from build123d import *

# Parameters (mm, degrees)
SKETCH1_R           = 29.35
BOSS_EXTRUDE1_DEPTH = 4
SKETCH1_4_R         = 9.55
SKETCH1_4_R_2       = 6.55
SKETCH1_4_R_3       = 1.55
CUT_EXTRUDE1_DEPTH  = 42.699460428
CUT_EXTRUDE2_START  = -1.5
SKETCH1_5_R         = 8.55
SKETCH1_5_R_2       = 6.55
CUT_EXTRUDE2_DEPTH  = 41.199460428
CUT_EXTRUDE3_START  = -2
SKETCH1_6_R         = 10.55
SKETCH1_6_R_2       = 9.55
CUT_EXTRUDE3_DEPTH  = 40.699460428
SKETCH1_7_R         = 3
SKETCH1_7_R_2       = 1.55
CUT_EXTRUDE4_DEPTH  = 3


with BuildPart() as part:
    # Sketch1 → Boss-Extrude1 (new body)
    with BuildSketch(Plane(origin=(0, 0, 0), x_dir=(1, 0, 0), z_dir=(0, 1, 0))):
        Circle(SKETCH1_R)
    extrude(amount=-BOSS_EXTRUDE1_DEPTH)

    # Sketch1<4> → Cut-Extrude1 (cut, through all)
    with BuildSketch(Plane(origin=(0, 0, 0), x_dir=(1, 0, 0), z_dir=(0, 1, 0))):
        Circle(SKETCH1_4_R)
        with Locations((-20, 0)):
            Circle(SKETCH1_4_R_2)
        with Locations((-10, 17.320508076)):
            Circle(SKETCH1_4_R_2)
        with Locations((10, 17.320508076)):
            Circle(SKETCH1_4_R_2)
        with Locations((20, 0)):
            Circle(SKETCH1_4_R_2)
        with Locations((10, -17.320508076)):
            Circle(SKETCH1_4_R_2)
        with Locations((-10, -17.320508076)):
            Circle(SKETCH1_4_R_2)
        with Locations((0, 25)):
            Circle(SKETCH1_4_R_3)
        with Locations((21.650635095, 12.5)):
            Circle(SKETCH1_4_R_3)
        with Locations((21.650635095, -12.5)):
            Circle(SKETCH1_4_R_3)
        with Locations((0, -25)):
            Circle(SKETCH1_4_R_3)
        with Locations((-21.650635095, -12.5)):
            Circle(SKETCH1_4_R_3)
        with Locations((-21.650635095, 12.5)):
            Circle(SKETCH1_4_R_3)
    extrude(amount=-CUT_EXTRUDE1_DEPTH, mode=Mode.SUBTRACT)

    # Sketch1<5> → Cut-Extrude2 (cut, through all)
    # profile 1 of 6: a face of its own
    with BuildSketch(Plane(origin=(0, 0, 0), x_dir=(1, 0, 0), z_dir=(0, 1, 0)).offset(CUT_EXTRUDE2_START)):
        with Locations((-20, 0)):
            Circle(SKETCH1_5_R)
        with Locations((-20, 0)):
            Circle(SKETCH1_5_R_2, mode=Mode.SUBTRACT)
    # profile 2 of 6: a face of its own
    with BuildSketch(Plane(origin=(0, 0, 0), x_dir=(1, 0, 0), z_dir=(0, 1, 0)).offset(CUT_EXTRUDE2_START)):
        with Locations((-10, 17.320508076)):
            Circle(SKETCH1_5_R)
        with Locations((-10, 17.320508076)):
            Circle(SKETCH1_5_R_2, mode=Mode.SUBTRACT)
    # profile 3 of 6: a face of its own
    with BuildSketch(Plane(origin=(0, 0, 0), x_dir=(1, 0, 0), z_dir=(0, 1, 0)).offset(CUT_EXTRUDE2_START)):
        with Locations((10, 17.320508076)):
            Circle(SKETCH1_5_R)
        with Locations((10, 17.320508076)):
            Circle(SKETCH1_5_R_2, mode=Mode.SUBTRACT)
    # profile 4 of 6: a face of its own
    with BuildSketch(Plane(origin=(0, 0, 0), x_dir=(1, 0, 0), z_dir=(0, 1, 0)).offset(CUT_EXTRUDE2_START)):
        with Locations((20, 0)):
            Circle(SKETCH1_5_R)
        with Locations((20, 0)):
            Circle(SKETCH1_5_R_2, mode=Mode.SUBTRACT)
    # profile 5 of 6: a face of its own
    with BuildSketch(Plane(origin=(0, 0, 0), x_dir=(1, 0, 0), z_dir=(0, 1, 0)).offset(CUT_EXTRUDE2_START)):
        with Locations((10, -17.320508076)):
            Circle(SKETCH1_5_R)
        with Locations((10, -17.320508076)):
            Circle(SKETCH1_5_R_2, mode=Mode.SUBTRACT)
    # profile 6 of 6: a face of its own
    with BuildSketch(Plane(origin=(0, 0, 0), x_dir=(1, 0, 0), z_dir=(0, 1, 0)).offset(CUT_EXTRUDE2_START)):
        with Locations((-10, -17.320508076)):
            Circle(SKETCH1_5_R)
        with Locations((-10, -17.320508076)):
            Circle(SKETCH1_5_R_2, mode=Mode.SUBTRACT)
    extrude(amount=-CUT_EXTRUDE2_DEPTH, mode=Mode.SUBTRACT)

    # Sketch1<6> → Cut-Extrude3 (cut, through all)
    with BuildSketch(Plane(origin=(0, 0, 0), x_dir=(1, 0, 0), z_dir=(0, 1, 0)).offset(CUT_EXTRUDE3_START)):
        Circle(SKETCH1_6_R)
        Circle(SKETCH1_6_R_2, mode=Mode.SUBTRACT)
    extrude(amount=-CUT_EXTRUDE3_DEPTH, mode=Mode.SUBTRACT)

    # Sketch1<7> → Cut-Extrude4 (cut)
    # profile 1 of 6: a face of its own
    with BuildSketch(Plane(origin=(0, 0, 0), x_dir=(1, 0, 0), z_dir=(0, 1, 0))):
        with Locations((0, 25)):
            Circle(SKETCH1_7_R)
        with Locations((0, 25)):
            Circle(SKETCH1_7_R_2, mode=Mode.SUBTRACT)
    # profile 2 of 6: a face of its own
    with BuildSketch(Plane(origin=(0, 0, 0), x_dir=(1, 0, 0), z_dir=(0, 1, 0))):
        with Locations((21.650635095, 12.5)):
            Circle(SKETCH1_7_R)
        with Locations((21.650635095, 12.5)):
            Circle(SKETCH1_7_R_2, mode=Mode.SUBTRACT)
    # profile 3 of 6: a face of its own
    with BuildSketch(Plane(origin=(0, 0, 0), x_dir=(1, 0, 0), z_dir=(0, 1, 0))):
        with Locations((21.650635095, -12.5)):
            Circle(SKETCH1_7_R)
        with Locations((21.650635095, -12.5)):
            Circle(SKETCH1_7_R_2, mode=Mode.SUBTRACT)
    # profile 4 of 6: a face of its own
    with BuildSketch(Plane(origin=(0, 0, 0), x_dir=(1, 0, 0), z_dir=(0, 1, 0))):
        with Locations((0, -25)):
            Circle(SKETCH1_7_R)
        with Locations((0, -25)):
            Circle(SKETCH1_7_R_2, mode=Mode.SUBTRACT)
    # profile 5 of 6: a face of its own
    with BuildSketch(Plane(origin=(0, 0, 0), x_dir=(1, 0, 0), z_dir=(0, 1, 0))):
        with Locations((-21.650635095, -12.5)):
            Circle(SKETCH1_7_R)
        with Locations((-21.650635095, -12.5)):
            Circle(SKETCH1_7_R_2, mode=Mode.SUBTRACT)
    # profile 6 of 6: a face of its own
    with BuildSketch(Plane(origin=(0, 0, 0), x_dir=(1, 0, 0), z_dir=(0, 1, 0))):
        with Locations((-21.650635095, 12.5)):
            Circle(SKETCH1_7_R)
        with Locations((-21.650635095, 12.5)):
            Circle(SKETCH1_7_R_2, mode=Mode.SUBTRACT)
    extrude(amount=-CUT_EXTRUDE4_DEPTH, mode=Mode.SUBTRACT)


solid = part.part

#### Your assignment:
This exercise calls for the entries to be restated exactly.

#### Expected answer:
from build123d import *

# Parameters (mm, degrees)
SKETCH1_R           = 29.35
BOSS_EXTRUDE1_DEPTH = 4
SKETCH1_4_R         = 9.55
SKETCH1_4_R_2       = 6.55
SKETCH1_4_R_3       = 1.55
CUT_EXTRUDE1_DEPTH  = 42.699460428
CUT_EXTRUDE2_START  = -1.5
SKETCH1_5_R         = 8.55
SKETCH1_5_R_2       = 6.55
CUT_EXTRUDE2_DEPTH  = 41.199460428
CUT_EXTRUDE3_START  = -2
SKETCH1_6_R         = 10.55
SKETCH1_6_R_2       = 9.55
CUT_EXTRUDE3_DEPTH  = 40.699460428
SKETCH1_7_R         = 3
SKETCH1_7_R_2       = 1.55
CUT_EXTRUDE4_DEPTH  = 3


with BuildPart() as part:
    # Sketch1 → Boss-Extrude1 (new body)
    with BuildSketch(Plane(origin=(0, 0, 0), x_dir=(1, 0, 0), z_dir=(0, 1, 0))):
        Circle(SKETCH1_R)
    extrude(amount=-BOSS_EXTRUDE1_DEPTH)

    # Sketch1<4> → Cut-Extrude1 (cut, through all)
    with BuildSketch(Plane(origin=(0, 0, 0), x_dir=(1, 0, 0), z_dir=(0, 1, 0))):
        Circle(SKETCH1_4_R)
        with Locations((-20, 0)):
            Circle(SKETCH1_4_R_2)
        with Locations((-10, 17.320508076)):
            Circle(SKETCH1_4_R_2)
        with Locations((10, 17.320508076)):
            Circle(SKETCH1_4_R_2)
        with Locations((20, 0)):
            Circle(SKETCH1_4_R_2)
        with Locations((10, -17.320508076)):
            Circle(SKETCH1_4_R_2)
        with Locations((-10, -17.320508076)):
            Circle(SKETCH1_4_R_2)
        with Locations((0, 25)):
            Circle(SKETCH1_4_R_3)
        with Locations((21.650635095, 12.5)):
            Circle(SKETCH1_4_R_3)
        with Locations((21.650635095, -12.5)):
            Circle(SKETCH1_4_R_3)
        with Locations((0, -25)):
            Circle(SKETCH1_4_R_3)
        with Locations((-21.650635095, -12.5)):
            Circle(SKETCH1_4_R_3)
        with Locations((-21.650635095, 12.5)):
            Circle(SKETCH1_4_R_3)
    extrude(amount=-CUT_EXTRUDE1_DEPTH, mode=Mode.SUBTRACT)

    # Sketch1<5> → Cut-Extrude2 (cut, through all)
    # profile 1 of 6: a face of its own
    with BuildSketch(Plane(origin=(0, 0, 0), x_dir=(1, 0, 0), z_dir=(0, 1, 0)).offset(CUT_EXTRUDE2_START)):
        with Locations((-20, 0)):
            Circle(SKETCH1_5_R)
        with Locations((-20, 0)):
            Circle(SKETCH1_5_R_2, mode=Mode.SUBTRACT)
    # profile 2 of 6: a face of its own
    with BuildSketch(Plane(origin=(0, 0, 0), x_dir=(1, 0, 0), z_dir=(0, 1, 0)).offset(CUT_EXTRUDE2_START)):
        with Locations((-10, 17.320508076)):
            Circle(SKETCH1_5_R)
        with Locations((-10, 17.320508076)):
            Circle(SKETCH1_5_R_2, mode=Mode.SUBTRACT)
    # profile 3 of 6: a face of its own
    with BuildSketch(Plane(origin=(0, 0, 0), x_dir=(1, 0, 0), z_dir=(0, 1, 0)).offset(CUT_EXTRUDE2_START)):
        with Locations((10, 17.320508076)):
            Circle(SKETCH1_5_R)
        with Locations((10, 17.320508076)):
            Circle(SKETCH1_5_R_2, mode=Mode.SUBTRACT)
    # profile 4 of 6: a face of its own
    with BuildSketch(Plane(origin=(0, 0, 0), x_dir=(1, 0, 0), z_dir=(0, 1, 0)).offset(CUT_EXTRUDE2_START)):
        with Locations((20, 0)):
            Circle(SKETCH1_5_R)
        with Locations((20, 0)):
            Circle(SKETCH1_5_R_2, mode=Mode.SUBTRACT)
    # profile 5 of 6: a face of its own
    with BuildSketch(Plane(origin=(0, 0, 0), x_dir=(1, 0, 0), z_dir=(0, 1, 0)).offset(CUT_EXTRUDE2_START)):
        with Locations((10, -17.320508076)):
            Circle(SKETCH1_5_R)
        with Locations((10, -17.320508076)):
            Circle(SKETCH1_5_R_2, mode=Mode.SUBTRACT)
    # profile 6 of 6: a face of its own
    with BuildSketch(Plane(origin=(0, 0, 0), x_dir=(1, 0, 0), z_dir=(0, 1, 0)).offset(CUT_EXTRUDE2_START)):
        with Locations((-10, -17.320508076)):
            Circle(SKETCH1_5_R)
        with Locations((-10, -17.320508076)):
            Circle(SKETCH1_5_R_2, mode=Mode.SUBTRACT)
    extrude(amount=-CUT_EXTRUDE2_DEPTH, mode=Mode.SUBTRACT)

    # Sketch1<6> → Cut-Extrude3 (cut, through all)
    with BuildSketch(Plane(origin=(0, 0, 0), x_dir=(1, 0, 0), z_dir=(0, 1, 0)).offset(CUT_EXTRUDE3_START)):
        Circle(SKETCH1_6_R)
        Circle(SKETCH1_6_R_2, mode=Mode.SUBTRACT)
    extrude(amount=-CUT_EXTRUDE3_DEPTH, mode=Mode.SUBTRACT)

    # Sketch1<7> → Cut-Extrude4 (cut)
    # profile 1 of 6: a face of its own
    with BuildSketch(Plane(origin=(0, 0, 0), x_dir=(1, 0, 0), z_dir=(0, 1, 0))):
        with Locations((0, 25)):
            Circle(SKETCH1_7_R)
        with Locations((0, 25)):
            Circle(SKETCH1_7_R_2, mode=Mode.SUBTRACT)
    # profile 2 of 6: a face of its own
    with BuildSketch(Plane(origin=(0, 0, 0), x_dir=(1, 0, 0), z_dir=(0, 1, 0))):
        with Locations((21.650635095, 12.5)):
            Circle(SKETCH1_7_R)
        with Locations((21.650635095, 12.5)):
            Circle(SKETCH1_7_R_2, mode=Mode.SUBTRACT)
    # profile 3 of 6: a face of its own
    with BuildSketch(Plane(origin=(0, 0, 0), x_dir=(1, 0, 0), z_dir=(0, 1, 0))):
        with Locations((21.650635095, -12.5)):
            Circle(SKETCH1_7_R)
        with Locations((21.650635095, -12.5)):
            Circle(SKETCH1_7_R_2, mode=Mode.SUBTRACT)
    # profile 4 of 6: a face of its own
    with BuildSketch(Plane(origin=(0, 0, 0), x_dir=(1, 0, 0), z_dir=(0, 1, 0))):
        with Locations((0, -25)):
            Circle(SKETCH1_7_R)
        with Locations((0, -25)):
            Circle(SKETCH1_7_R_2, mode=Mode.SUBTRACT)
    # profile 5 of 6: a face of its own
    with BuildSketch(Plane(origin=(0, 0, 0), x_dir=(1, 0, 0), z_dir=(0, 1, 0))):
        with Locations((-21.650635095, -12.5)):
            Circle(SKETCH1_7_R)
        with Locations((-21.650635095, -12.5)):
            Circle(SKETCH1_7_R_2, mode=Mode.SUBTRACT)
    # profile 6 of 6: a face of its own
    with BuildSketch(Plane(origin=(0, 0, 0), x_dir=(1, 0, 0), z_dir=(0, 1, 0))):
        with Locations((-21.650635095, 12.5)):
            Circle(SKETCH1_7_R)
        with Locations((-21.650635095, 12.5)):
            Circle(SKETCH1_7_R_2, mode=Mode.SUBTRACT)
    extrude(amount=-CUT_EXTRUDE4_DEPTH, mode=Mode.SUBTRACT)


solid = part.part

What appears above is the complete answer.